§ **EXERCISE INSTRUCTIONS**
Please quote exactly the lines below from the line containing "FR_Cmd = Thrust_Cmd/N" to the line containing "BR_Cmd = Thrust_Cmd/N", both lines included, and nothing else.

§ **RECORDS TO USE**
__________

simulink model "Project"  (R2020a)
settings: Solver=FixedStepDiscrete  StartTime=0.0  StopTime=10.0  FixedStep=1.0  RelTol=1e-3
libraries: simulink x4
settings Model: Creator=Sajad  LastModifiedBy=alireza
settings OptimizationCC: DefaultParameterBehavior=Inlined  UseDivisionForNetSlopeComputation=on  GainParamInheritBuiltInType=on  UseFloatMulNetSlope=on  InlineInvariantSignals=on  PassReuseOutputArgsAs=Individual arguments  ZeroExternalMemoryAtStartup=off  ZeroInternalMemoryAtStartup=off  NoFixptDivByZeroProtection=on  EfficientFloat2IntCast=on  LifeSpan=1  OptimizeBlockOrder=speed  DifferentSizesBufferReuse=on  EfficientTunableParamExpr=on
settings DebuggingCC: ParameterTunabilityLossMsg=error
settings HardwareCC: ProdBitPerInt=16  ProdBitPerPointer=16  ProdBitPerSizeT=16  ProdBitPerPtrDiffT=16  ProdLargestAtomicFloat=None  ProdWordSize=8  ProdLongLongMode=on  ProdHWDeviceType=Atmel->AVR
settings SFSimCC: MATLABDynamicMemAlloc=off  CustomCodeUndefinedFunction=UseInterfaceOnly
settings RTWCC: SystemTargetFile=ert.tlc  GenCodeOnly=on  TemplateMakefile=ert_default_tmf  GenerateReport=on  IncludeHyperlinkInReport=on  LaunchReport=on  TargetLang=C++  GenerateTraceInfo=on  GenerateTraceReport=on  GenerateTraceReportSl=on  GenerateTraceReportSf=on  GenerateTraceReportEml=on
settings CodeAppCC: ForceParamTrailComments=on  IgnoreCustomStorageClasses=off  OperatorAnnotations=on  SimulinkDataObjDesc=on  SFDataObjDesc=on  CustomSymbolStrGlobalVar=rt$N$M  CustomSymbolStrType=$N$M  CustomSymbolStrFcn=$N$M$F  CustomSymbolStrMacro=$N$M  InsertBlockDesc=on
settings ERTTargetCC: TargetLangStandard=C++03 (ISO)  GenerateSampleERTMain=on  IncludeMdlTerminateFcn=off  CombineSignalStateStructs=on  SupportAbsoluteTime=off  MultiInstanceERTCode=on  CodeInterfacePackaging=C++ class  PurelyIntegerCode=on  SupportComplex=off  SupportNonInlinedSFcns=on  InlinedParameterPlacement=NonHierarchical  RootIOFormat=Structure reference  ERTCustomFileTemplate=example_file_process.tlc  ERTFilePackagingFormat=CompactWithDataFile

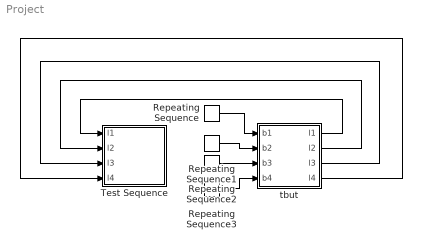
== system Project ==
  Repeating Sequence : simulink/Sources/Repeating Sequence  rep_seq_t=[0 1 2 3 4 5 6]  rep_seq_y=[0 1 1 0 0 0 0]
  Repeating Sequence1 : simulink/Sources/Repeating Sequence  rep_seq_t=[0 1 2 3 4 5 6]  rep_seq_y=[0 1 0 1 0 0 0]
  Repeating Sequence2 : simulink/Sources/Repeating Sequence  rep_seq_t=[0 1 2 3 4 5 6]  rep_seq_y=[0 1 0 0 1 0 0]
  Repeating Sequence3 : simulink/Sources/Repeating Sequence  rep_seq_t=[0 1 2 3 4 5 6]  rep_seq_y=[0 1 0 0 0 1 0]
  Test Sequence : Test Sequence  TreatAsAtomicUnit=on
  tbut : Stateflow chart  TreatAsAtomicUnit=on
  wires:
  tbut/1(l1) -> Test Sequence/1(l1)
  tbut/2(l2) -> Test Sequence/2(l2)
  tbut/3(l3) -> Test Sequence/3(l3)
  tbut/4(l4) -> Test Sequence/4(l4)
  Repeating Sequence/1 -> tbut/1(b1)
  Repeating Sequence3/1 -> tbut/4(b4)
  Repeating Sequence2/1 -> tbut/3(b3)
  Repeating Sequence1/1 -> tbut/2(b2)

== stateflow chart Project/tbut ==
  state fled_1 [parallel]
    settings: executionOrder=1
    state I
    state II
      l1 = ~l1;
    (default) -> fled_1.I
    fled_1.II -> fled_1.I [order 2]
    fled_1.I -> fled_1.II : [b1==1]
    fled_1.II -> fled_1.II [order 1] : [b1==1]
  state fled_2 [parallel]
    settings: executionOrder=2
    state I
    state II
      l2 = ~l2;
    (default) -> fled_2.I
    fled_2.II -> fled_2.I [order 2]
    fled_2.I -> fled_2.II : [b2==1]
    fled_2.II -> fled_2.II [order 1] : [b2==1]
  state fled_3 [parallel]
    settings: executionOrder=3
    state I
    state II
      l3 = ~l3;
    (default) -> fled_3.I
    fled_3.II -> fled_3.I [order 2]
    fled_3.I -> fled_3.II : [b3==1]
    fled_3.II -> fled_3.II [order 1] : [b3==1]
  state fled_4 [parallel]
    settings: executionOrder=4
    state I
    state II
      l4 = ~l4;
    (default) -> fled_4.I
    fled_4.II -> fled_4.I [order 2]
    fled_4.I -> fled_4.II : [b4==1]
    fled_4.II -> fled_4.II [order 1] : [b4==1]
  data: l1 output =false; l2 output =false; l3 output =false; l4 output =false; b1 input; b2 input; b3 input; b4 input

== stateflow chart Project/Test Sequence ==
  settings: stateMachineType=SIMPLIFIED_MACHINE
  state step_1
    verify(l1==false&& l2==false && l3==false && l4==false)
  state step_2
    verify(l1==true&& l2==true && l3==true && l4==true)
  state step_3
    verify(l1==false&& l2==true&& l3==true&& l4==true)
  state step_4
    verify(l1==false && l2==false && l3==true&& l4==true)
  state step_5
    verify(l1==false && l2==false&& l3==false&& l4==true)
  state step_6
    verify(l1==false&& l2==false && l3==false && l4==false)
  state step_7
  (default) -> step_1
  step_1 -> step_2 : [
      | after(1,sec)
      | ]
  step_2 -> step_3 : [
      | after(1,sec)
      | ]
  step_3 -> step_4 : [
      | after(1,sec)
      | ]
  step_4 -> step_5 : [
      | after(1,sec)
      | ]
  step_5 -> step_6 : [
      | after(1,sec)
      | ]
  step_6 -> step_7 : [
      | after(1,sec)
      | ]
  data: l1 input; l2 input; l3 input; l4 input
simulink model "OA_Dynamic"  (R2020a)
settings: Solver=VariableStepAuto  StartTime=0.0  StopTime=30  RelTol=1e-3
values from neighbouring files (symbols this model uses):
  b = 0.4    [Takeoff.m]
  body_rate_0 = [0;0;0]    [Takeoff.m]
  Boundaries = [B1;B2;B3]    [Takeoff.m]
  Euler_0 = [0;0;0]    [Takeoff.m]
  g = [0;0;-9.8]    [Takeoff.m]
  I_Drone = [0.3933,0.3933,0.76]    [Takeoff.m]
  I_Tank = CalItank(m_tank,0.4,0.1,0.4,i)    [Takeoff.m]
  J = 0.00062    [Takeoff.m]
  K = 0.074    [Takeoff.m]
  k_T = MaxMotorThrsut/(MaxRPM^2)    (= 6.99167657551e-06)    [Takeoff.m]
  k_Thrsut2Torque = 0.021    [Takeoff.m]
  l = 0.5    [Takeoff.m]
  L = sqrt((x2-x1)^2 + (y2-y1)^2)    [Takeoff.m]
  m = m_drone + m_tank*percent    (= 36)    [Takeoff.m]    (also in animation.m = T_V1toI*T_V2toV1*T_BtoV2)
  m_drone = 20    [Takeoff.m]
  m_tank = 16    [Takeoff.m]
  MaxThrust = 4*MaxMotorThrsut    (= 529.2)    [Takeoff.m]
  MaxTilt = 30*pi/180    (= 0.523598775598)    [Takeoff.m]
  MaxTorque_XY = (T2-T1)*(l/sqrt(2))    [Takeoff.m]
  MaxVolt = 48    [Takeoff.m]
  MaxYawRate = 100*pi/180    (= 1.74532925199)    [Takeoff.m]
  MaxZVel = 2    [Takeoff.m]
  percent = 1    [Takeoff.m]
  Px1 = 0.2    [Takeoff.m]
  Pz1 = 1    [Takeoff.m]
  Pz2 = 100    [Takeoff.m]
  R = 0.0062    [Takeoff.m]
  RecObstacle = [[5,4,3] ... (first row only)    [Takeoff.m]
  SafeZone = 1.0    (= 1)    [Takeoff.m]
  Target = WayPts(3,:)    [Takeoff.m]
  ts = 0.01    [Takeoff.m]
  WayPts = [[XYZ_0(1) XYZ_0(2) XYZ_0(3)] ... (first row only)    [Takeoff.m]
  XYZ_0 = [0;0;0]    [Takeoff.m]
undefined symbols (not defined in the file or in its folder): b_tank, d_drone, d_tank, DiscIntNeverNeededParam, FlyVel, h_tank, PD1, PD2, PI1, PI2, PP1, PP2, SafeFactor, Sensor0Dir, TestVel
libraries: simulink x27, vrlib x4
(part 3 of 3)

== system OA_Dynamic/Controller/Rotors System/Propellers/Motor Thrust Control1/DC Motor ==
  note: d2/dt2(theta)
  note: d/dt(theta)
  note: d/dt(i)
  note: i
  Voltage : Inport
  TQ_load : Inport  Port=2
  Add : Sum  Inputs=-+-
  Add1 : Sum  Inputs=+--
  Damping : Gain  Gain=b
  Inductance : Gain  Gain=1/L
  Inertia : Gain  Gain=1/J
  Integrator : Integrator
  Integrator1 : Integrator
  Ke : Gain  Gain=K
  Kt : Gain  Gain=K
  Resistance : Gain  Gain=R
  Scope : Scope  NumInputPorts=2
  Speed : Outport
  wires:
  TQ_load/1 -> Add1/3
  Add1/1 -> Inertia/1
  Add/1 -> Inductance/1
  Ke/1 -> Add/3
  Damping/1 -> Add1/2
  Resistance/1 -> Add/1
  Voltage/1 -> Add/2
  Kt/1 -> Add1/1
  Integrator/1 -> Resistance/1, Scope/1, Kt/1
  Inertia/1 -> Integrator1/1
  Integrator1/1 -> Ke/1, Speed/1, Scope/2, Damping/1
  Inductance/1 -> Integrator/1

== system OA_Dynamic/Controller/Rotors System/Propellers/Motor Thrust Control2/DC Motor ==
  note: i
  note: d/dt(i)
  note: d/dt(theta)
  note: d2/dt2(theta)
  Voltage : Inport
  TQ_load : Inport  Port=2
  Add : Sum  Inputs=-+-
  Add1 : Sum  Inputs=+--
  Damping : Gain  Gain=b
  Inductance : Gain  Gain=1/L
  Inertia : Gain  Gain=1/J
  Integrator : Integrator
  Integrator1 : Integrator
  Ke : Gain  Gain=K
  Kt : Gain  Gain=K
  Resistance : Gain  Gain=R
  Scope : Scope  NumInputPorts=2
  Speed : Outport
  wires:
  Inductance/1 -> Integrator/1
  Integrator1/1 -> Damping/1, Scope/2, Speed/1, Ke/1
  Inertia/1 -> Integrator1/1
  Integrator/1 -> Kt/1, Scope/1, Resistance/1
  Kt/1 -> Add1/1
  Voltage/1 -> Add/2
  Resistance/1 -> Add/1
  Damping/1 -> Add1/2
  Ke/1 -> Add/3
  Add/1 -> Inductance/1
  Add1/1 -> Inertia/1
  TQ_load/1 -> Add1/3

== system OA_Dynamic/Controller/Rotors System/Propellers/Motor Thrust Control3/DC Motor ==
  note: d2/dt2(theta)
  note: d/dt(theta)
  note: d/dt(i)
  note: i
  Voltage : Inport
  TQ_load : Inport  Port=2
  Add : Sum  Inputs=-+-
  Add1 : Sum  Inputs=+--
  Damping : Gain  Gain=b
  Inductance : Gain  Gain=1/L
  Inertia : Gain  Gain=1/J
  Integrator : Integrator
  Integrator1 : Integrator
  Ke : Gain  Gain=K
  Kt : Gain  Gain=K
  Resistance : Gain  Gain=R
  Scope : Scope  NumInputPorts=2
  Speed : Outport
  wires:
  TQ_load/1 -> Add1/3
  Add1/1 -> Inertia/1
  Add/1 -> Inductance/1
  Ke/1 -> Add/3
  Damping/1 -> Add1/2
  Resistance/1 -> Add/1
  Voltage/1 -> Add/2
  Kt/1 -> Add1/1
  Integrator/1 -> Resistance/1, Scope/1, Kt/1
  Inertia/1 -> Integrator1/1
  Integrator1/1 -> Ke/1, Speed/1, Scope/2, Damping/1
  Inductance/1 -> Integrator/1

== matlab function OA_Dynamic/Controller/Sense X Y Distance/Sensor0 (30 degree sensor) ==
  data: Pos input; MinBDist output; Bounds input; Yaw input; MinBVect output; Directions input
function [MinBDist,MinBVect] = fcn(Pos,Bounds,Yaw,Directions)
MinBDist = 999;
MinBVect = [1;0;0];

for b = 1:size(Bounds,1)
Bound = Bounds(b,:);

%Bound = Bounds(BIndex,:);
MinSenseDist = 999;
MinSenseVect = [1;0;0];

for k = 1:size(Directions,2)
if length(Pos) > 1
    bx = Bound(1);
    by = Bound(2);
    tx = Bound(3);
    ty = Bound(4);
    X = Pos(1);
    Y = Pos(2);
    Z = Pos(3);
    
    m = [[cos(Yaw) -sin(Yaw)];[sin(Yaw) cos(Yaw)]];
    n = m*Directions(:,k); % Sense vector
    nx = n(1);
    ny = n(2);

    j = ((ty*bx-tx*by)-(ty*X-tx*Y))/(ty*nx-tx*ny);
    
    if j < 0 % sense backward point
        SenseDist = 999;
    else
        SensePt = [X+nx*j;Y+ny*j];
        
        % Check if ON boundaries
        if tx == 0
            i = (SensePt(2)-by)/ty;
        else
            i = (SensePt(1)-bx)/tx;
        end
        
        % If not
        if i < 0 || i > Bound(7)
            SenseDist = 999;
        % If yes
        else
            SenseDist = sqrt((nx*j)^2 + (ny*j)^2);
        end
    end
    
    SenseVect = [nx;ny;0]/sqrt(nx^2+ny^2);
    
else
    SenseDist = 999;
    SenseVect = [0;0;0];
end


if SenseDist < MinSenseDist
    MinSenseDist = SenseDist;
    MinSenseVect = SenseVect;
end
end

if MinSenseDist < MinBDist
    MinBDist = MinSenseDist;
    MinBVect = MinSenseVect;
end
end

== matlab function OA_Dynamic/6dof_system/Drone & Liquid Dynamic Inertia/DroneTankI ==
  data: I_D input; I output; I_T input; M_D input; M_T input; Z_D input; Z_T input; CR_X input; CR_Y input
function I = fcn(I_D,I_T,M_D,M_T,Z_D,Z_T,CR_X,CR_Y)

    Ix = I_D(1) + M_D*Z_D^2 + CR_X*I_T(1) + M_T*Z_T^2;
    Iy = I_D(2) + M_D*Z_D^2 + CR_Y*I_T(2) + M_T*Z_T^2;
    Iz = I_D(3) + I_T(3);
    I = [[Ix 0 0];[0 Iy 0];[0 0 Iz]];

== matlab function OA_Dynamic/6dof_system/Drone & Liquid Dynamic Inertia/FullTankCR ==
  data: w_d input; CR_x output; CR_y output; C_R input
function [CR_x,CR_y] = fcn(w_d,C_R)
if length(w_d) > 1
    if abs(w_d(2)) > 0.001
        CR_y = C_R;
    else
        CR_y = 1;
    end
    
    if abs(w_d(1)) > 0.001
        CR_x = C_R;
    else
        CR_x = 1;
    end
else
    CR_x = 1;
    CR_y = 1;
end

== matlab function OA_Dynamic/Controller/Subsystem1/MATLAB Function1 ==
  data: u input; y output
function y = fcn(u)
y = 0;
if u == 1
    y = 1;
end

== matlab function OA_Dynamic/Controller/Subsystem1/MATLAB Function2 ==
  data: u input; y output
function y = fcn(u)
y = 0;
if u == 3
    y = 1;
end

== matlab function OA_Dynamic/Controller/Rotors System/Motor2Drone ==
  data: FR input; Thrust output; Tq_R output; FL input; BR input; BL input; Tq_P output; Tq_Y output; l input; k input
function [Thrust,Tq_R,Tq_P,Tq_Y] = fcn(FR,FL,BR,BL,l,k)
% Tq_Y needs to change if using the real motor
    l_xy = l/sqrt(2);
    Thrust = FR + FL+ BR + BL;
    Tq_R = (FL+BL)*l_xy - (FR+BR)*l_xy;
    Tq_P = (BL+BR)*l_xy - (FL+FR)*l_xy;
    Tq_Y = (FR+BL)*k - (FL+BR)*k;

== matlab function OA_Dynamic/Controller/Rotors System/MotorThrustCmd ==
  data: Thrust_Cmd input; FR_Cmd output; FL_Cmd output; BR_Cmd output; BL_Cmd output; Tq_R_Cmd input; Tq_P_Cmd input; Tq_Y_Cmd input; l input; k input
function [FR_Cmd,FL_Cmd,BR_Cmd,BL_Cmd] = fcn(Thrust_Cmd,Tq_R_Cmd,Tq_P_Cmd,Tq_Y_Cmd,l,k)
    N = 4;
    l_xy = l/sqrt(2); % 45 degree configuration
    
    FR_Cmd = Thrust_Cmd/N + Tq_Y_Cmd/(N*k) - Tq_P_Cmd/(N*l_xy) - Tq_R_Cmd/(N*l_xy);
    FL_Cmd = Thrust_Cmd/N - Tq_Y_Cmd/(N*k) - Tq_P_Cmd/(N*l_xy) + Tq_R_Cmd/(N*l_xy);
    BR_Cmd = Thrust_Cmd/N - Tq_Y_Cmd/(N*k) + Tq_P_Cmd/(N*l_xy) - Tq_R_Cmd/(N*l_xy);
    BL_Cmd = Thrust_Cmd/N + Tq_Y_Cmd/(N*k) + Tq_P_Cmd/(N*l_xy) + Tq_R_Cmd/(N*l_xy);

== matlab function OA_Dynamic/Controller/Rotors System/Propellers/Motor Thrust Control/MATLAB Function ==
  data: u input; y output
function y = fcn(u)
    y = 0.000009*u^2;

    % The coefficient is decided by experimental value.
    % Max RPM = 4350, 48 Volt.

== matlab function OA_Dynamic/Controller/Rotors System/Propellers/Motor Thrust Control1/MATLAB Function ==
  data: u input; y output
function y = fcn(u)
    y = 0.000009*u^2;

    % The coefficient is decided by experimental value.
    % Max RPM = 4350, 48 Volt.

== matlab function OA_Dynamic/Controller/Rotors System/Propellers/Motor Thrust Control2/MATLAB Function ==
  data: u input; y output
function y = fcn(u)
    y = 0.000009*u^2;

    % The coefficient is decided by experimental value.
    % Max RPM = 4350, 48 Volt.

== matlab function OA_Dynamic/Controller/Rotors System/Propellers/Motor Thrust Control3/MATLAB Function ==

__________

§ **EXERCISE SOLUTION**
    FR_Cmd = Thrust_Cmd/N + Tq_Y_Cmd/(N*k) - Tq_P_Cmd/(N*l_xy) - Tq_R_Cmd/(N*l_xy);
    FL_Cmd = Thrust_Cmd/N - Tq_Y_Cmd/(N*k) - Tq_P_Cmd/(N*l_xy) + Tq_R_Cmd/(N*l_xy);
    BR_Cmd = Thrust_Cmd/N - Tq_Y_Cmd/(N*k) + Tq_P_Cmd/(N*l_xy) - Tq_R_Cmd/(N*l_xy);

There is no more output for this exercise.